Effect of Initial Distribution of Two Fluids on Relative Permeability using Lattice-Boltzmann Method

We present results on two-phase flow simulation by Lattice-Boltzmann method (LBM). The Lattice-Boltzmann method can handle complicated pore geometries, such as porous media. We have shown the single-phase LBM estimates absolute permeability of porous media very accurately and efficiently. We extended the method to two-phase flow and will show some characteristics of the two-phase LBM method. We particularly focus on one aspect of two-phase flow - the effect of initial fluid distribution on relative permeability. We found our code for two-phase LBM honors laws of fluid dynamics and simulates corresponding physical parameters, such as capillary pressure and contact angle of the interface between solid and fluids. The simulated physical parameters showed very good agreement with theoretical predictions. After verifying that the two-phase LBM can simulate two-phase fluid flow through porous media, we applied the method to more complicated digital pore geometries; a Finney's random dense pack of spheres and samples from X-ray tomographic Fontainebleau sandstone. These were binary digital models describing the complex pore space. We used a steady state simulation that mimics a steady state measurement in laboratory. We experimented with four different kinds of the initial distribution of two fluids; (1) uniform distribution (fine mixture), (2) random distribution, (3) coating the grains with the wetting fluid, and (4) patch distribution.
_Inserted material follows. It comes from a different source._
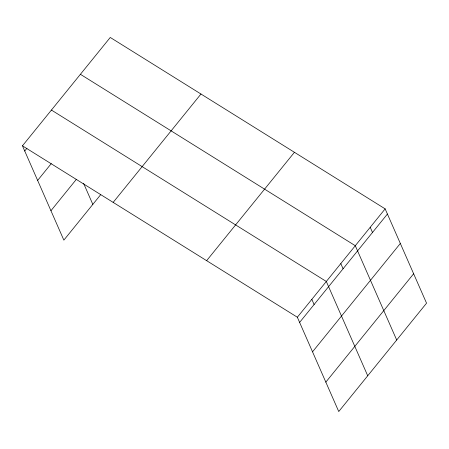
<?xml version="1.0" encoding="UTF-8"?>
<svg xmlns="http://www.w3.org/2000/svg" width="449" height="449" viewBox="0 0 449 449"><rect width="100%" height="100%" fill="white"/><g stroke="black" fill="none" stroke-linecap="round" stroke-linejoin="round"><path stroke-width="0.67" d="M22.45 145.824L110.258 37.458L385.147 208.864L426.55 303.176L338.742 411.542L297.345 317.23L22.45 145.824L63.853 240.136L100.728 194.625M24.723 151.004L26.918 148.293M37.637 180.419L51.248 163.621M50.939 210.721L76.403 179.297M113.165 202.387L200.972 94.021M206.63 260.667L294.432 152.301M297.345 317.23L385.147 208.864M299.618 322.41L387.425 214.044M312.526 351.825L400.334 243.459M325.834 382.127L413.636 273.767M80.405 74.298L355.294 245.71L396.697 340.022M51.427 110.061L326.316 281.467L367.72 375.785M370.223 227.284L372.496 232.464M340.808 263.585L343.081 268.771M311.831 299.348L314.104 304.529M83.565 183.276L92.825 204.374"/></g></svg>

We found small differences in relative permeability with various initial distributions of two fluids. Although the final distributions were a little different due to different initial distributions, the relative permeability, which is a macroscopic value, was not much different. The difference at intermediate wetting-phase saturation was greater than one at low or high wetting-phase saturation. The patch type initial saturation showed the biggest difference among the initial distributions of two fluids.